Stored data entries
────
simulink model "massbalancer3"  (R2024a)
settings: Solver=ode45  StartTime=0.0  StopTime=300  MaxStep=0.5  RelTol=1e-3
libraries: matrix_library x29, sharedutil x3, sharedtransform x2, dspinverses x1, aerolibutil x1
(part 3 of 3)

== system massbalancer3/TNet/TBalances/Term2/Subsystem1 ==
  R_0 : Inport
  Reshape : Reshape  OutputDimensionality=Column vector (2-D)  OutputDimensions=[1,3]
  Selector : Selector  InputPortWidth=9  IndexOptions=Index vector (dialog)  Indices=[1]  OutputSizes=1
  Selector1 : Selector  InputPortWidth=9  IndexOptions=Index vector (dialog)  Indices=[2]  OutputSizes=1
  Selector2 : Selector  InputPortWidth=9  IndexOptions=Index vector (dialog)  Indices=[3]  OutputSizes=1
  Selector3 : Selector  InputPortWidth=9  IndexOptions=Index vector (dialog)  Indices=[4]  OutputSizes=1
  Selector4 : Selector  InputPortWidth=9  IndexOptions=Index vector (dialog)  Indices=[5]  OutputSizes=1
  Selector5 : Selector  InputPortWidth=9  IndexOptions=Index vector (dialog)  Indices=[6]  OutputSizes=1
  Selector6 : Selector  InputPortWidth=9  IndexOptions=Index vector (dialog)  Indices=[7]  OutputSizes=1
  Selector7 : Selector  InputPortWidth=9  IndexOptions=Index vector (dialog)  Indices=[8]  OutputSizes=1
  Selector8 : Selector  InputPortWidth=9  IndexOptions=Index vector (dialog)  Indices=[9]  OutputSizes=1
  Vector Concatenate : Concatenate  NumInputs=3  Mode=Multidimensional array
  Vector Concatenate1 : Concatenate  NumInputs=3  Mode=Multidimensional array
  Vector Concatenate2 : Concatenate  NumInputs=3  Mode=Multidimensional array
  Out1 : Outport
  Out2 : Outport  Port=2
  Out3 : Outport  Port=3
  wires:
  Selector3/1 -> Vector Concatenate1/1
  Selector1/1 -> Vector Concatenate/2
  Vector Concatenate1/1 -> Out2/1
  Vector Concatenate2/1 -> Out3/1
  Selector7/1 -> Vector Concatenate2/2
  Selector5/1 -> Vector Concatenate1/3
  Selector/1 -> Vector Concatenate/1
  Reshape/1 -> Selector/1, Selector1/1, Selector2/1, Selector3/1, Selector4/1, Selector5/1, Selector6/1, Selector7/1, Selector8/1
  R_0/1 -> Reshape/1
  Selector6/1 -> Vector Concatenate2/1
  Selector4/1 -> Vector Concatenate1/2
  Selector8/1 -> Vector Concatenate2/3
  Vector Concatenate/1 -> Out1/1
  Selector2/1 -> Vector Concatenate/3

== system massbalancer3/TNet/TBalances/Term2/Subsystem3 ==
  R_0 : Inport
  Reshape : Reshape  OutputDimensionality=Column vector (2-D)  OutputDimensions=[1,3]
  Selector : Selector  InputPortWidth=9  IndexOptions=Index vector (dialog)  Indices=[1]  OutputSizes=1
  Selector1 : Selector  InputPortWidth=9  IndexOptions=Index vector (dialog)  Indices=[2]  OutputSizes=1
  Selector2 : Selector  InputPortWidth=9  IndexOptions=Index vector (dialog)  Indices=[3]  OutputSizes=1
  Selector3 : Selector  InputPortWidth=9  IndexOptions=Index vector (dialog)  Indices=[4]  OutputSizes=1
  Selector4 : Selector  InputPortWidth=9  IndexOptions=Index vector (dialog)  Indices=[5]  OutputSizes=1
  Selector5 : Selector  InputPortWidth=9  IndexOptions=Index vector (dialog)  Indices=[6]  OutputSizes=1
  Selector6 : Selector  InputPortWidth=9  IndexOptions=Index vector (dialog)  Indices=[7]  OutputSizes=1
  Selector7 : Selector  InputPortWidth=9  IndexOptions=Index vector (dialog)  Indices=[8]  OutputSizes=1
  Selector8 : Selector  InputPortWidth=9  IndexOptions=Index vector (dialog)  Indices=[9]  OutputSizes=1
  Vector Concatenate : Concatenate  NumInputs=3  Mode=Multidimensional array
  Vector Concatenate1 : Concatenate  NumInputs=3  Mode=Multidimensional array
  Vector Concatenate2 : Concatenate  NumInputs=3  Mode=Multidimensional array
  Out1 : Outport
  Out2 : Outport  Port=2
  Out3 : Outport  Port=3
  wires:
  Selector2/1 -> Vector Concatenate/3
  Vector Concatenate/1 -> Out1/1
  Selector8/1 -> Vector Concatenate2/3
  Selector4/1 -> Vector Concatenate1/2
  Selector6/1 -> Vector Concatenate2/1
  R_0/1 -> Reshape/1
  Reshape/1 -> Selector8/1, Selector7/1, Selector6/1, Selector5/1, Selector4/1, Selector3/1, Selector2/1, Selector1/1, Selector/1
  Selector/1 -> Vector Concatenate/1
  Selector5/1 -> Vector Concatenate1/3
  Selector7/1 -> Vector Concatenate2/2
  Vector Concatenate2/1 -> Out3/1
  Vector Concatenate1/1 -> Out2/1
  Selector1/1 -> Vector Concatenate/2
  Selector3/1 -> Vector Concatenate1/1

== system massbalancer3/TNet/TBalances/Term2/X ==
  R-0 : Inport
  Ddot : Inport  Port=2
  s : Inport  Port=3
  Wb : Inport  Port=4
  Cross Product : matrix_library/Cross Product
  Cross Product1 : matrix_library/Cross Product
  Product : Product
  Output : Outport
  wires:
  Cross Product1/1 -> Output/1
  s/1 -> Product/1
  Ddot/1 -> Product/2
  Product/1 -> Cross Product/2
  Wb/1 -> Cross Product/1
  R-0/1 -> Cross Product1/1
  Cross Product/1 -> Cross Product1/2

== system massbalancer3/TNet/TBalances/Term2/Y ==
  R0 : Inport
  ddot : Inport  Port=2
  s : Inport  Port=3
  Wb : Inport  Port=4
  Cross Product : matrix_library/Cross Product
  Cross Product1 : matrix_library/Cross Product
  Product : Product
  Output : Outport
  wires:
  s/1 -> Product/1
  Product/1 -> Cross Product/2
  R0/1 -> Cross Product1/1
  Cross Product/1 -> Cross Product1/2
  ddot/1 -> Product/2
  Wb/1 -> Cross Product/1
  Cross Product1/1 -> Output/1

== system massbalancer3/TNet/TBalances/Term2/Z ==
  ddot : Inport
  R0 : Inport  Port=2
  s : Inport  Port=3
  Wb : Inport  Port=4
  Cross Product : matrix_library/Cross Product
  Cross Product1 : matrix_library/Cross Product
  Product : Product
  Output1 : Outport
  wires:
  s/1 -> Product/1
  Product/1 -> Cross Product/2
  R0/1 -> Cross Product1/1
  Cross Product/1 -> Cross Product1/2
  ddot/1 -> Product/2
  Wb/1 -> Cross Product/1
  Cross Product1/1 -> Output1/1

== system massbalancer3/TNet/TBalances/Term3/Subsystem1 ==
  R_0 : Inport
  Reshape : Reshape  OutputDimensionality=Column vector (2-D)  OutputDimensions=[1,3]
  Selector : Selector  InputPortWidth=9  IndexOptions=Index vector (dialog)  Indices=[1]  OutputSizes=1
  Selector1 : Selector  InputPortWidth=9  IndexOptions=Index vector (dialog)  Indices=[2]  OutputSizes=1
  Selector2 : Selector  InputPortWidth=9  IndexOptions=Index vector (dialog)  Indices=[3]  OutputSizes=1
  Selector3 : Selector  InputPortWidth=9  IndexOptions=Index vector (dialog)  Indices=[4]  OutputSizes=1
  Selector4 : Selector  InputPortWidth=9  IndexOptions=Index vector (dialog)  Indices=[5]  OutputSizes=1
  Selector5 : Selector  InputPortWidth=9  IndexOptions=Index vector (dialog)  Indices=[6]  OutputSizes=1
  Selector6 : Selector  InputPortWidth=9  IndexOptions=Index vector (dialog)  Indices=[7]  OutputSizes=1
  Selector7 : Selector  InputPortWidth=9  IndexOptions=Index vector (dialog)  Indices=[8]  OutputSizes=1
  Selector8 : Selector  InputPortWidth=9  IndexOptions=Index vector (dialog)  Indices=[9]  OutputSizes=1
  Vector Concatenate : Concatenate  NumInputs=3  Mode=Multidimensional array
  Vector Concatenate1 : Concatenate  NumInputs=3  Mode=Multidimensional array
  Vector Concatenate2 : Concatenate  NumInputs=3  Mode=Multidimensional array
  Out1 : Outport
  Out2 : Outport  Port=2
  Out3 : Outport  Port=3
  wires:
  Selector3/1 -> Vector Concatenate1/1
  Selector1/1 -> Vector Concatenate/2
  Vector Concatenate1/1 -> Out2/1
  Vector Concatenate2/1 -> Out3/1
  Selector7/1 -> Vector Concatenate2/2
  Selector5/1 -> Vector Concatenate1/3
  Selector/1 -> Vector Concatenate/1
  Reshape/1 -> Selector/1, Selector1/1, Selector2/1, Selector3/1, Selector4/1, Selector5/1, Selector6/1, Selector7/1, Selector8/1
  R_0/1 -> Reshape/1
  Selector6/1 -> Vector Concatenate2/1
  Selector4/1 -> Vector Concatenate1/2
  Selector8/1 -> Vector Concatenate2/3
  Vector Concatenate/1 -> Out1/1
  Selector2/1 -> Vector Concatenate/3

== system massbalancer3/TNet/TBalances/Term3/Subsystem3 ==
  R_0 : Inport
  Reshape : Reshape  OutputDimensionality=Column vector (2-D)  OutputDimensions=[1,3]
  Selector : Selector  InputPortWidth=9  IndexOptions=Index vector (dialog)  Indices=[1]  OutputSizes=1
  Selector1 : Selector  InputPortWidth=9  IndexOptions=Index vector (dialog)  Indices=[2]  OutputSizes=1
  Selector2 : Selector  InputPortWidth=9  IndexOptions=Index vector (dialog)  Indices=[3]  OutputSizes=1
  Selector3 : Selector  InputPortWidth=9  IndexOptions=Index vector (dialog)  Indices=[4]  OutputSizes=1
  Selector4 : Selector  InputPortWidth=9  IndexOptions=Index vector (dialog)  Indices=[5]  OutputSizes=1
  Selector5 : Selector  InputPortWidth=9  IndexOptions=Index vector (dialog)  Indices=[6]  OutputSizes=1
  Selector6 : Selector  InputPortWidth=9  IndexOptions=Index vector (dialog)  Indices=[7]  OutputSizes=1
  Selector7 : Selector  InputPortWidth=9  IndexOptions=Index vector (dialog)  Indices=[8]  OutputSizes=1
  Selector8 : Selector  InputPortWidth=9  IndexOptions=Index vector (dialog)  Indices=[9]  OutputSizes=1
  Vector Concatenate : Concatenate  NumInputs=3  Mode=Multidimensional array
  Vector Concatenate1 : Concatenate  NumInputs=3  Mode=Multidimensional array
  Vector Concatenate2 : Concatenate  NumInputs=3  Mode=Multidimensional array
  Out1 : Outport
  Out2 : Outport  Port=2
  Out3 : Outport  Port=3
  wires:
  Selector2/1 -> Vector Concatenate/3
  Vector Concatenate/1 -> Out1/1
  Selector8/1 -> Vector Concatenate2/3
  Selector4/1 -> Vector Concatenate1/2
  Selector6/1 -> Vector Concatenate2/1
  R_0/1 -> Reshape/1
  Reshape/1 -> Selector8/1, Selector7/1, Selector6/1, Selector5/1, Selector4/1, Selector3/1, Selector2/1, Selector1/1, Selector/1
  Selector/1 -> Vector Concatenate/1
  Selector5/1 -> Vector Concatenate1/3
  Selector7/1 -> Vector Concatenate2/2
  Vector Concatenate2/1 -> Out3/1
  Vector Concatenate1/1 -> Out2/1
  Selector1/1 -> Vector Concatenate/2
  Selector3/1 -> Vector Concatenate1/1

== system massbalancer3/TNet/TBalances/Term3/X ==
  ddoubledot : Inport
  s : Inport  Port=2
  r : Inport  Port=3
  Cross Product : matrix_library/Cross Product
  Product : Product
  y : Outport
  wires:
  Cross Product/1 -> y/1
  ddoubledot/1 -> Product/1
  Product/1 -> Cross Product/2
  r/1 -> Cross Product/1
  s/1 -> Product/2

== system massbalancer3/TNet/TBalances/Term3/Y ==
────
:: WORK ITEM ::
Return exactly the lines in the records above, beginning with the one that holds "ddoubledot : Inport" and ending with the last.

:: RESULT OF THE TASK ::
  ddoubledot : Inport
  s : Inport  Port=2
  r : Inport  Port=3
  Cross Product : matrix_library/Cross Product
  Product : Product
  y : Outport
  wires:
  Cross Product/1 -> y/1
  ddoubledot/1 -> Product/1
  Product/1 -> Cross Product/2
  r/1 -> Cross Product/1
  s/1 -> Product/2

== system massbalancer3/TNet/TBalances/Term3/Y ==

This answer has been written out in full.